Going to take cubic inches & then good head flow to get anywhere near 550 hp. 

Numbers like 550hp, 600hp seem to get thrown around quite a bit by new members to this site when first noting what they want out of a Pontiac V8 build. My first question for any of them, have you personally experienced seat time behind a 450+ hp, 530-500 ft/lbs of torque Pontiac V8 in LeMans, GTO, or Firebird street car? There is a point where bigger & bigger & more torque, just going to blow the tires away on the street, the real street. Its not that hard to find a "Boutique" Pontiac engine builder that will build a very expensive bullet that can make 550-600 or even more hp, if big hp numbers are what you are after. Would also agree, even with such a well thought out engine combo, a '65 or earlier Tripower is going to hold the numbers back. 

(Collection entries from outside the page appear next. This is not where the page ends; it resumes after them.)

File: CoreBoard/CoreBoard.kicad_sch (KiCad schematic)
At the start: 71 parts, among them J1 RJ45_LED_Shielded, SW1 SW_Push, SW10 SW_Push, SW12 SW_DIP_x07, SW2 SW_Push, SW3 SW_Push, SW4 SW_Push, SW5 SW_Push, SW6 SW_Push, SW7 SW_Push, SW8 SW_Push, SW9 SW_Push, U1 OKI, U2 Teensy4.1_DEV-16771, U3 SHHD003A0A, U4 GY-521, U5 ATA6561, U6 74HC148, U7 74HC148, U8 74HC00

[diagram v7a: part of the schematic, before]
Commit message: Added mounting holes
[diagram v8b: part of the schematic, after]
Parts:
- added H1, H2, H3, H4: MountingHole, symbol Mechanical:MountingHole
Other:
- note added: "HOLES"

Last questions, your new project, a Tripower 3spd '65 GTO convert, am assuming that is what PHS invoice showed as original options? From experience, that is a very expensive & desirable GTO convertible when properly restored, just trying to wrap around my brain, why the direction on such a such a factory optioned GTO, versus building off a more common early GTO, LeMans, or Tempest convertible.


----------



## 1968gto421 (Mar 28, 2014)

I totally agree with Pinion Head on this. With large HP/torque levels, you will also have to get a stronger rear axle (think Moser or others). modify and strengthen rear suspension, get a custom made, high strength driveshaft, and have a transmission built that is capable of handling these large amounts of power. And as Pinion Head said, the tri-power will only hold the power back. I would think more like the above quoted 450hp/500-550 lbs torque as a very strong engine that the tri-power would be maxed out on, but would really slam you back in the seat.


----------



## cij911 (Oct 25, 2017)

Pinion head said:


> Going to take cubic inches & then good head flow to get anywhere near 550 hp.
> 
> Numbers like 550hp, 600hp seem to get thrown around quite a bit by new members to this site when first noting what they want out of a Pontiac V8 build. My first question for any of them, have you personally experienced seat time behind a 450+ hp, 530-500 ft/lbs of torque Pontiac V8 in LeMans, GTO, or Firebird street car? There is a point where bigger & bigger & more torque, just going to blow the tires away on the street, the real street. Its not that hard to find a "Boutique" Pontiac engine builder that will build a very expensive bullet that can make 550-600 or even more hp, if big hp numbers are what you are after. Would also agree, even with such a well thought out engine combo, a '65 or earlier Tripower is going to hold the numbers back.
> 
> Last questions, your new project, a Tripower 3spd '65 GTO convert, am assuming that is what PHS invoice showed as original options? From experience, that is a very expensive & desirable GTO convertible when properly restored, just trying to wrap around my brain, why the direction on such a such a factory optioned GTO, versus building off a more common early GTO, LeMans, or Tempest convertible.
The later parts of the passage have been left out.